PROVIDED MATERIAL —
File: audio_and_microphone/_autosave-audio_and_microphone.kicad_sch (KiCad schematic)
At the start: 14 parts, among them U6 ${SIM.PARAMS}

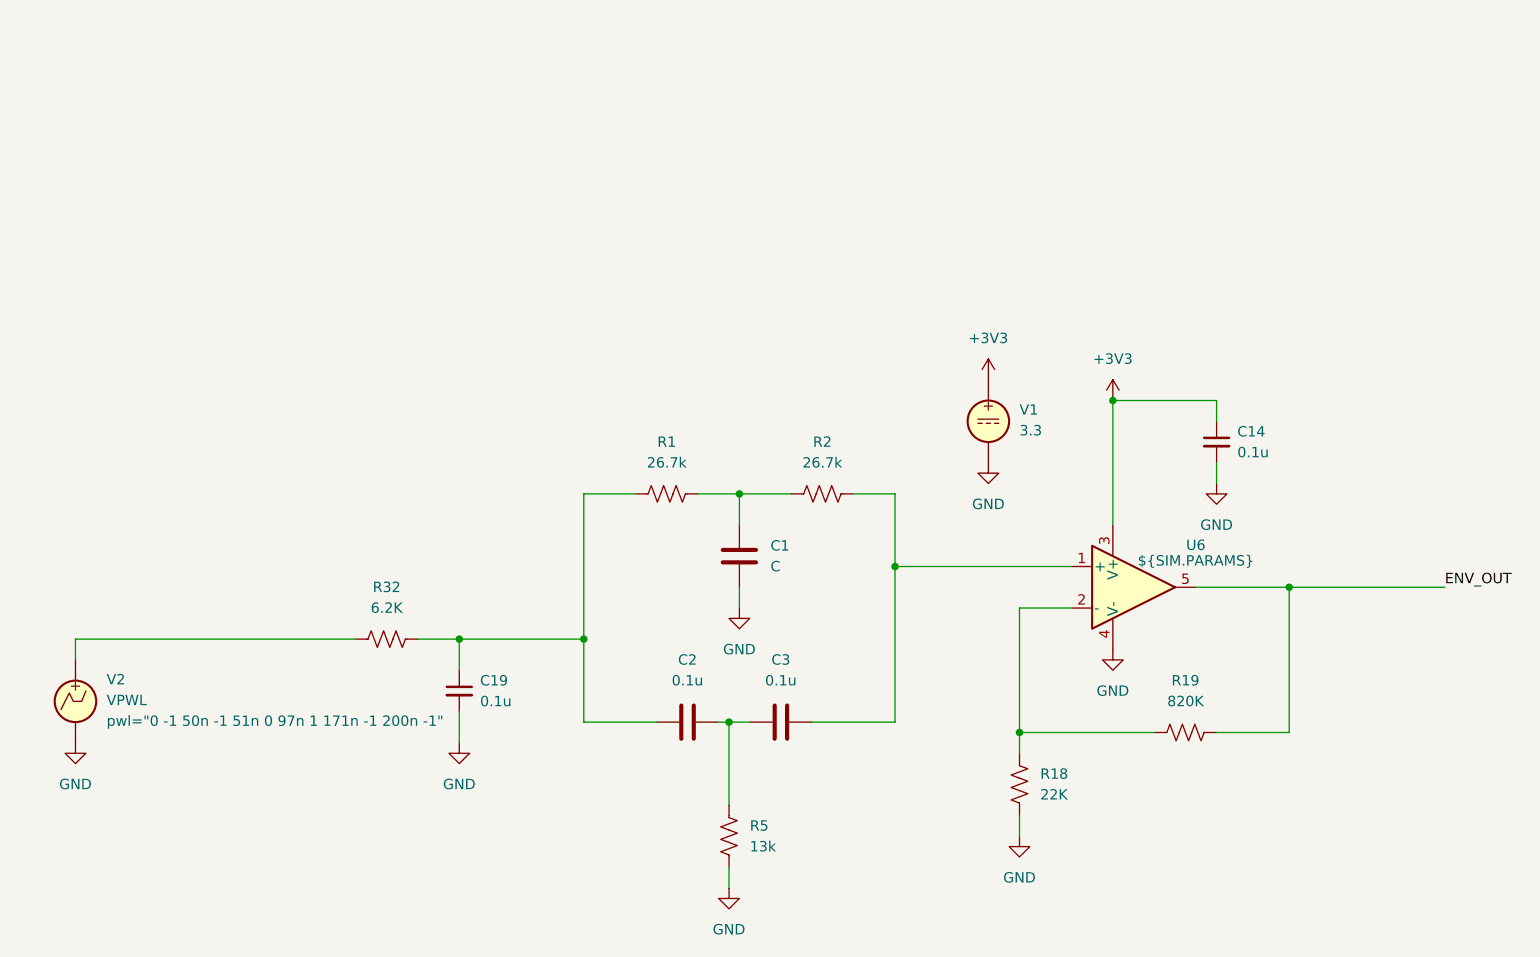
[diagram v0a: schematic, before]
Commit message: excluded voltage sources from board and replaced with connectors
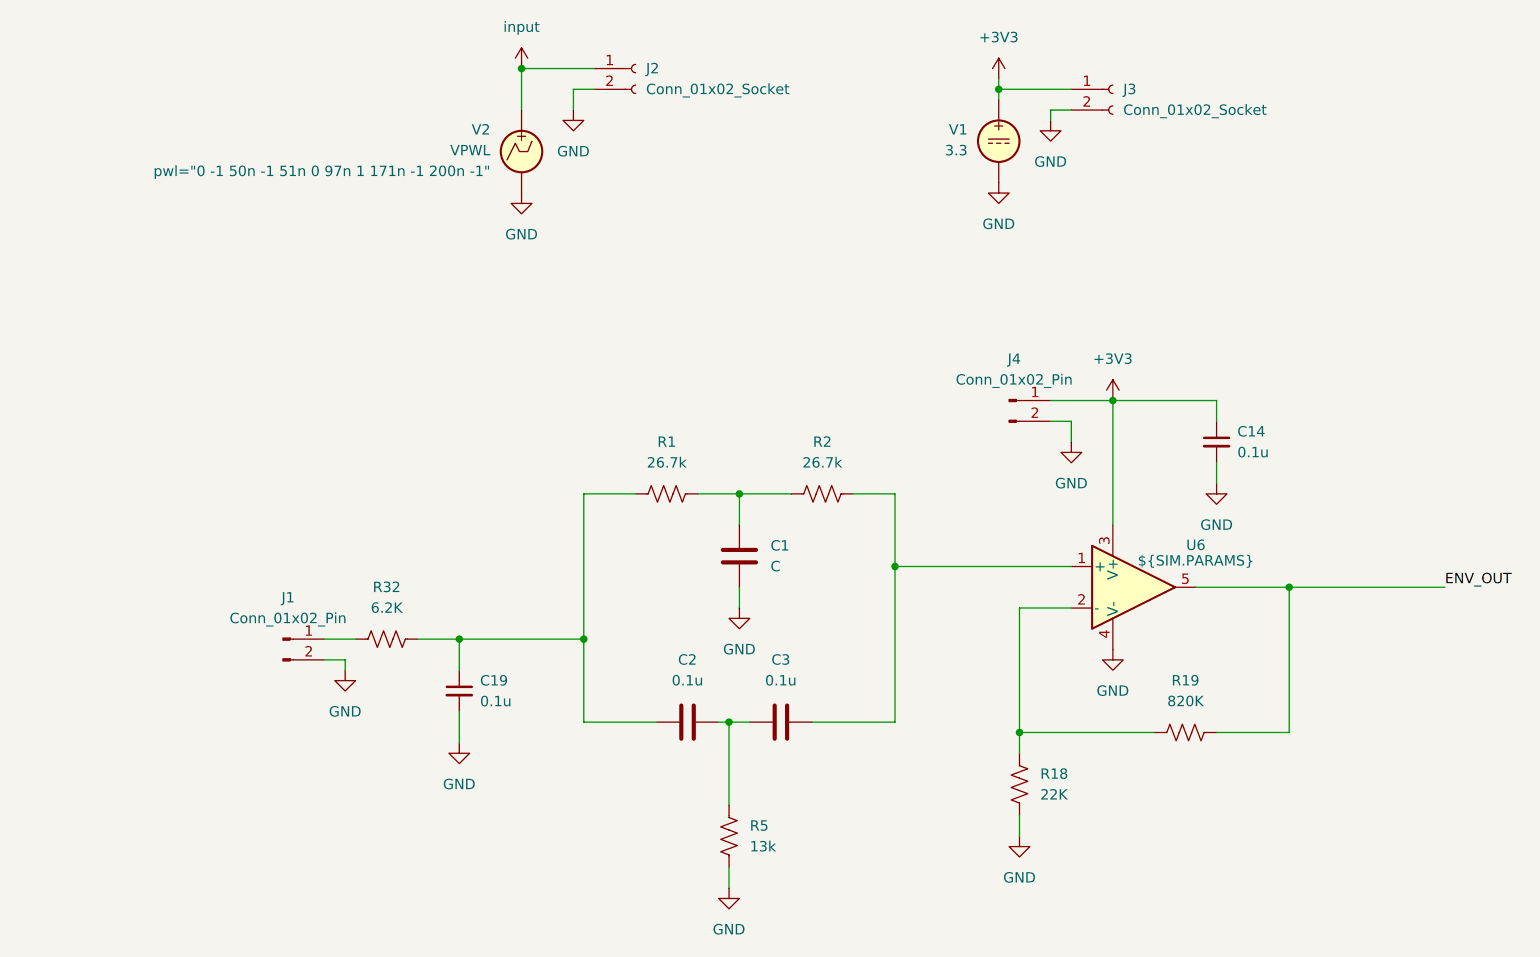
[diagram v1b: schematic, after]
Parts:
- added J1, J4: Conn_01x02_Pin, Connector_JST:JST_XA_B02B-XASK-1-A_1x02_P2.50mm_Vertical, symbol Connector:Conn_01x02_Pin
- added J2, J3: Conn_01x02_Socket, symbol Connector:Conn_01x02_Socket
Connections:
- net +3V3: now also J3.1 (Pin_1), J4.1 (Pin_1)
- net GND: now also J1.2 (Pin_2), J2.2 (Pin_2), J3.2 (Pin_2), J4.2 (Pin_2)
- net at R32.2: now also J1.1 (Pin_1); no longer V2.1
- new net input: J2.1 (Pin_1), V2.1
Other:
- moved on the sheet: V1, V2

PROBLEM STATEMENT — Give the listing above again in its entirety and exactly; do not include the pictures.

WORKED SOLUTION —
File: audio_and_microphone/_autosave-audio_and_microphone.kicad_sch (KiCad schematic)
At the start: 14 parts, among them U6 ${SIM.PARAMS}

[diagram v0a: schematic, before]
Commit message: excluded voltage sources from board and replaced with connectors
[diagram v1b: schematic, after]
Parts:
- added J1, J4: Conn_01x02_Pin, Connector_JST:JST_XA_B02B-XASK-1-A_1x02_P2.50mm_Vertical, symbol Connector:Conn_01x02_Pin
- added J2, J3: Conn_01x02_Socket, symbol Connector:Conn_01x02_Socket
Connections:
- net +3V3: now also J3.1 (Pin_1), J4.1 (Pin_1)
- net GND: now also J1.2 (Pin_2), J2.2 (Pin_2), J3.2 (Pin_2), J4.2 (Pin_2)
- net at R32.2: now also J1.1 (Pin_1); no longer V2.1
- new net input: J2.1 (Pin_1), V2.1
Other:
- moved on the sheet: V1, V2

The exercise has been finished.